[Records from a dataset]
***

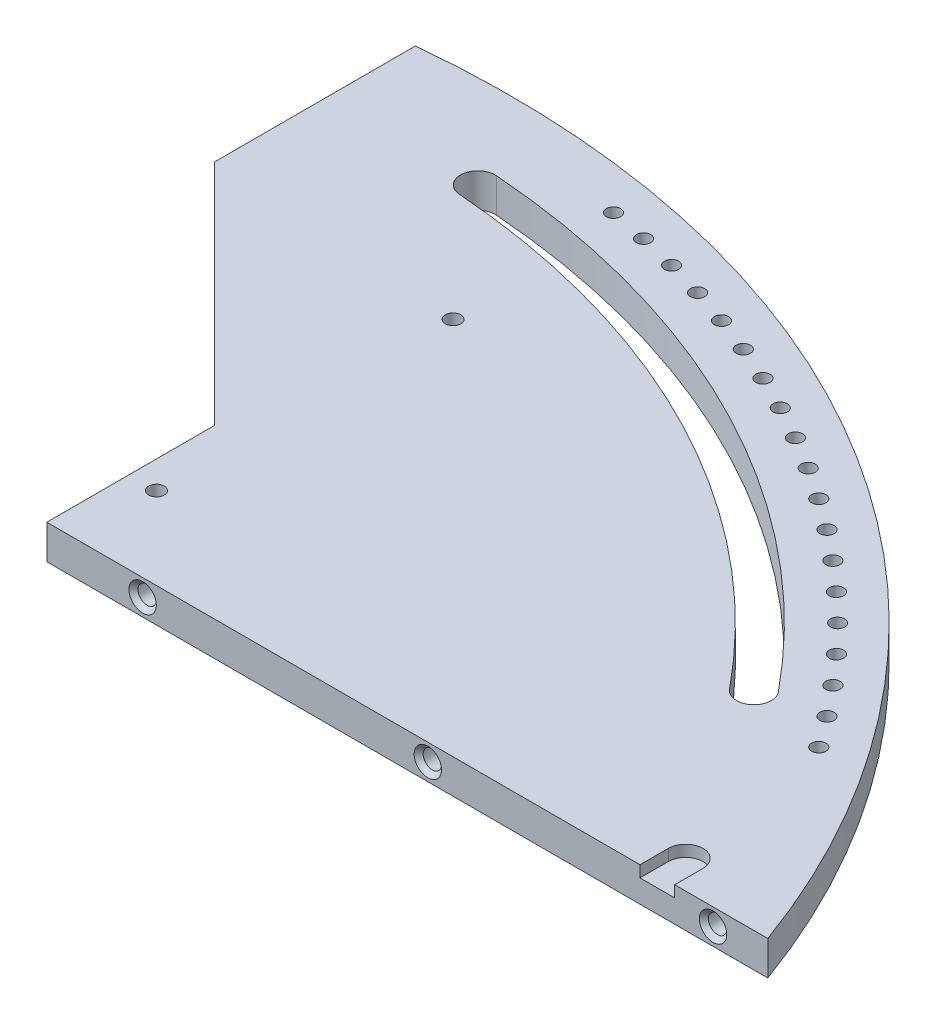
from build123d import *

# Parameters (mm, degrees)
BOSS_EXTRUDE1_DEPTH                                  = 4.7625
CUT_EXTRUDE2_DEPTH                                   = 349.730645664
CSK_FOR_M5_CROSS_RECESS_FLAT_HEAD_SCREW1_D           = 3.9624
CSK_FOR_M5_CROSS_RECESS_FLAT_HEAD_SCREW1_CSINK_D     = 6.35
CSK_FOR_M5_CROSS_RECESS_FLAT_HEAD_SCREW1_CSINK_ANGLE = 60
CIRPATTERN1_COUNT                                    = 19
CIRPATTERN1_ANGLE                                    = 45
CBORE_FOR_M5_CROSS_RECESS_PAN_HEAD_SCREW_D           = 4.3434
CBORE_FOR_M5_CROSS_RECESS_PAN_HEAD_SCREW_CBORE_D     = 7.9502
CBORE_FOR_M5_CROSS_RECESS_PAN_HEAD_SCREW_CBORE_DEPTH = 4.1656
CUT_EXTRUDE5_DEPTH                                   = 3.175
F_1_4_20_TAPPED_HOLE1_D                              = 5.1054
F_1_4_20_TAPPED_HOLE1_DEPTH                          = 19.05
F_1_4_20_TAPPED_HOLE1_CSINK_D                        = 7.62
F_1_4_20_TAPPED_HOLE1_CSINK_ANGLE                    = 90
F_1_4_20_TAPPED_HOLE1_TIP                            = 1.533816902


with BuildPart() as part:
    # Sketch1 → Boss-Extrude1 (new, symmetric)
    with BuildSketch(Plane(origin=(0, 0, 0), x_dir=(1, 0, 0), z_dir=(0, 1, 0))):
        with BuildLine():
            Line((38.1, 86.658308315), (238.76, 86.658308315))
            ThreePointArc((238.76, 86.658308315), (135.186201707, 215.036487295), (-25.4, 252.726809025))
            Line((-25.4, 252.726809025), (-25.4, 196.85))
            Line((-25.4, 196.85), (38.1, 133.35))
            Line((38.1, 133.35), (38.1, 86.658308315))
        make_face()
    extrude(amount=BOSS_EXTRUDE1_DEPTH, both=True)

    # Sketch2 → Cut-Extrude2 (cut, through all)
    with BuildSketch(Plane(origin=(0, 4.7625, 0), x_dir=(1, 0, 0), z_dir=(0, 1, 0))):
        with BuildLine():
            ThreePointArc((180.827242585, 147.531326552), (107.760674963, 207.006330595), (17.132342345, 232.74549796))
            ThreePointArc((17.132342345, 232.74549796), (11.965081824, 228.286801882), (16.423777903, 223.119541362))
            ThreePointArc((16.423777903, 223.119541362), (103.303877349, 198.444902033), (173.348536427, 141.429682659))
            ThreePointArc((173.348536427, 141.429682659), (180.138711452, 140.741151526), (180.827242585, 147.531326552))
        make_face()
    extrude(amount=-CUT_EXTRUDE2_DEPTH, mode=Mode.SUBTRACT)

    # CSK for M5 Cross Recess Flat Head Screw1 (through all)
    with Locations(Plane(origin=(0, -4.7625, 0), x_dir=(-1, 0, 0), z_dir=(0, -1, 0))):
        with Locations((-42.342371642, 240.135522494)):
            csk_for_m5_cross_recess_flat_head_screw1 = CounterSinkHole(CSK_FOR_M5_CROSS_RECESS_FLAT_HEAD_SCREW1_D / 2, CSK_FOR_M5_CROSS_RECESS_FLAT_HEAD_SCREW1_CSINK_D / 2, counter_sink_angle=CSK_FOR_M5_CROSS_RECESS_FLAT_HEAD_SCREW1_CSINK_ANGLE)

    # CirPattern1: CSK for M5 Cross Recess Flat Head Screw1 ×19 about axis
    cirpattern1_axis = Axis((0, 0, 0), (0, -1, 0))
    for i in range(1, CIRPATTERN1_COUNT):
        add(csk_for_m5_cross_recess_flat_head_screw1.rotate(cirpattern1_axis, i * CIRPATTERN1_ANGLE / (CIRPATTERN1_COUNT - 1)), mode=Mode.SUBTRACT)

    # CBORE for M5 Cross Recess Pan Head Screw2 (through all)
    with Locations(Plane(origin=(0, -4.7625, 0), x_dir=(-1, 0, 0), z_dir=(0, -1, 0))):
        with Locations((-45.72, 192.1002), (-45.72, 109.5502)):
            CounterBoreHole(CBORE_FOR_M5_CROSS_RECESS_PAN_HEAD_SCREW_D / 2, CBORE_FOR_M5_CROSS_RECESS_PAN_HEAD_SCREW_CBORE_D / 2, CBORE_FOR_M5_CROSS_RECESS_PAN_HEAD_SCREW_CBORE_DEPTH)

    # Sketch10 → Cut-Extrude5 (cut)
    with BuildSketch(Plane(origin=(0, 4.7625, 0), x_dir=(1, 0, 0), z_dir=(0, 1, 0))):
        with BuildLine():
            Line((203.2, 94.532308315), (203.2, 86.658308315))
            Line((203.2, 86.658308315), (212.852, 86.658308315))
            Line((212.852, 86.658308315), (212.852, 94.532308315))
            ThreePointArc((212.852, 94.532308315), (208.026, 99.358308315), (203.2, 94.532308315))
        make_face()
    extrude(amount=-CUT_EXTRUDE5_DEPTH, mode=Mode.SUBTRACT)

    # 1/4-20 Tapped Hole1
    with Locations(Plane.XY.offset(-86.658308315)):
        with Locations((64.77, 0), (144.145, 0), (223.52, 0)):
            CounterSinkHole(F_1_4_20_TAPPED_HOLE1_D / 2, F_1_4_20_TAPPED_HOLE1_CSINK_D / 2, depth=F_1_4_20_TAPPED_HOLE1_DEPTH, counter_sink_angle=F_1_4_20_TAPPED_HOLE1_CSINK_ANGLE)
            with Locations((0, 0, -(F_1_4_20_TAPPED_HOLE1_DEPTH + F_1_4_20_TAPPED_HOLE1_TIP / 2))):  # 118° drill point
                Cone(0, F_1_4_20_TAPPED_HOLE1_D / 2, F_1_4_20_TAPPED_HOLE1_TIP, mode=Mode.SUBTRACT)


solid = part.part

***

▸ Activity
Hand back the data above exactly, with no images.

▸ Problem solution
from build123d import *

# Parameters (mm, degrees)
BOSS_EXTRUDE1_DEPTH                                  = 4.7625
CUT_EXTRUDE2_DEPTH                                   = 349.730645664
CSK_FOR_M5_CROSS_RECESS_FLAT_HEAD_SCREW1_D           = 3.9624
CSK_FOR_M5_CROSS_RECESS_FLAT_HEAD_SCREW1_CSINK_D     = 6.35
CSK_FOR_M5_CROSS_RECESS_FLAT_HEAD_SCREW1_CSINK_ANGLE = 60
CIRPATTERN1_COUNT                                    = 19
CIRPATTERN1_ANGLE                                    = 45
CBORE_FOR_M5_CROSS_RECESS_PAN_HEAD_SCREW_D           = 4.3434
CBORE_FOR_M5_CROSS_RECESS_PAN_HEAD_SCREW_CBORE_D     = 7.9502
CBORE_FOR_M5_CROSS_RECESS_PAN_HEAD_SCREW_CBORE_DEPTH = 4.1656
CUT_EXTRUDE5_DEPTH                                   = 3.175
F_1_4_20_TAPPED_HOLE1_D                              = 5.1054
F_1_4_20_TAPPED_HOLE1_DEPTH                          = 19.05
F_1_4_20_TAPPED_HOLE1_CSINK_D                        = 7.62
F_1_4_20_TAPPED_HOLE1_CSINK_ANGLE                    = 90
F_1_4_20_TAPPED_HOLE1_TIP                            = 1.533816902


with BuildPart() as part:
    # Sketch1 → Boss-Extrude1 (new, symmetric)
    with BuildSketch(Plane(origin=(0, 0, 0), x_dir=(1, 0, 0), z_dir=(0, 1, 0))):
        with BuildLine():
            Line((38.1, 86.658308315), (238.76, 86.658308315))
            ThreePointArc((238.76, 86.658308315), (135.186201707, 215.036487295), (-25.4, 252.726809025))
            Line((-25.4, 252.726809025), (-25.4, 196.85))
            Line((-25.4, 196.85), (38.1, 133.35))
            Line((38.1, 133.35), (38.1, 86.658308315))
        make_face()
    extrude(amount=BOSS_EXTRUDE1_DEPTH, both=True)

    # Sketch2 → Cut-Extrude2 (cut, through all)
    with BuildSketch(Plane(origin=(0, 4.7625, 0), x_dir=(1, 0, 0), z_dir=(0, 1, 0))):
        with BuildLine():
            ThreePointArc((180.827242585, 147.531326552), (107.760674963, 207.006330595), (17.132342345, 232.74549796))
            ThreePointArc((17.132342345, 232.74549796), (11.965081824, 228.286801882), (16.423777903, 223.119541362))
            ThreePointArc((16.423777903, 223.119541362), (103.303877349, 198.444902033), (173.348536427, 141.429682659))
            ThreePointArc((173.348536427, 141.429682659), (180.138711452, 140.741151526), (180.827242585, 147.531326552))
        make_face()
    extrude(amount=-CUT_EXTRUDE2_DEPTH, mode=Mode.SUBTRACT)

    # CSK for M5 Cross Recess Flat Head Screw1 (through all)
    with Locations(Plane(origin=(0, -4.7625, 0), x_dir=(-1, 0, 0), z_dir=(0, -1, 0))):
        with Locations((-42.342371642, 240.135522494)):
            csk_for_m5_cross_recess_flat_head_screw1 = CounterSinkHole(CSK_FOR_M5_CROSS_RECESS_FLAT_HEAD_SCREW1_D / 2, CSK_FOR_M5_CROSS_RECESS_FLAT_HEAD_SCREW1_CSINK_D / 2, counter_sink_angle=CSK_FOR_M5_CROSS_RECESS_FLAT_HEAD_SCREW1_CSINK_ANGLE)

    # CirPattern1: CSK for M5 Cross Recess Flat Head Screw1 ×19 about axis
    cirpattern1_axis = Axis((0, 0, 0), (0, -1, 0))
    for i in range(1, CIRPATTERN1_COUNT):
        add(csk_for_m5_cross_recess_flat_head_screw1.rotate(cirpattern1_axis, i * CIRPATTERN1_ANGLE / (CIRPATTERN1_COUNT - 1)), mode=Mode.SUBTRACT)

    # CBORE for M5 Cross Recess Pan Head Screw2 (through all)
    with Locations(Plane(origin=(0, -4.7625, 0), x_dir=(-1, 0, 0), z_dir=(0, -1, 0))):
        with Locations((-45.72, 192.1002), (-45.72, 109.5502)):
            CounterBoreHole(CBORE_FOR_M5_CROSS_RECESS_PAN_HEAD_SCREW_D / 2, CBORE_FOR_M5_CROSS_RECESS_PAN_HEAD_SCREW_CBORE_D / 2, CBORE_FOR_M5_CROSS_RECESS_PAN_HEAD_SCREW_CBORE_DEPTH)

    # Sketch10 → Cut-Extrude5 (cut)
    with BuildSketch(Plane(origin=(0, 4.7625, 0), x_dir=(1, 0, 0), z_dir=(0, 1, 0))):
        with BuildLine():
            Line((203.2, 94.532308315), (203.2, 86.658308315))
            Line((203.2, 86.658308315), (212.852, 86.658308315))
            Line((212.852, 86.658308315), (212.852, 94.532308315))
            ThreePointArc((212.852, 94.532308315), (208.026, 99.358308315), (203.2, 94.532308315))
        make_face()
    extrude(amount=-CUT_EXTRUDE5_DEPTH, mode=Mode.SUBTRACT)

    # 1/4-20 Tapped Hole1
    with Locations(Plane.XY.offset(-86.658308315)):
        with Locations((64.77, 0), (144.145, 0), (223.52, 0)):
            CounterSinkHole(F_1_4_20_TAPPED_HOLE1_D / 2, F_1_4_20_TAPPED_HOLE1_CSINK_D / 2, depth=F_1_4_20_TAPPED_HOLE1_DEPTH, counter_sink_angle=F_1_4_20_TAPPED_HOLE1_CSINK_ANGLE)
            with Locations((0, 0, -(F_1_4_20_TAPPED_HOLE1_DEPTH + F_1_4_20_TAPPED_HOLE1_TIP / 2))):  # 118° drill point
                Cone(0, F_1_4_20_TAPPED_HOLE1_D / 2, F_1_4_20_TAPPED_HOLE1_TIP, mode=Mode.SUBTRACT)


solid = part.part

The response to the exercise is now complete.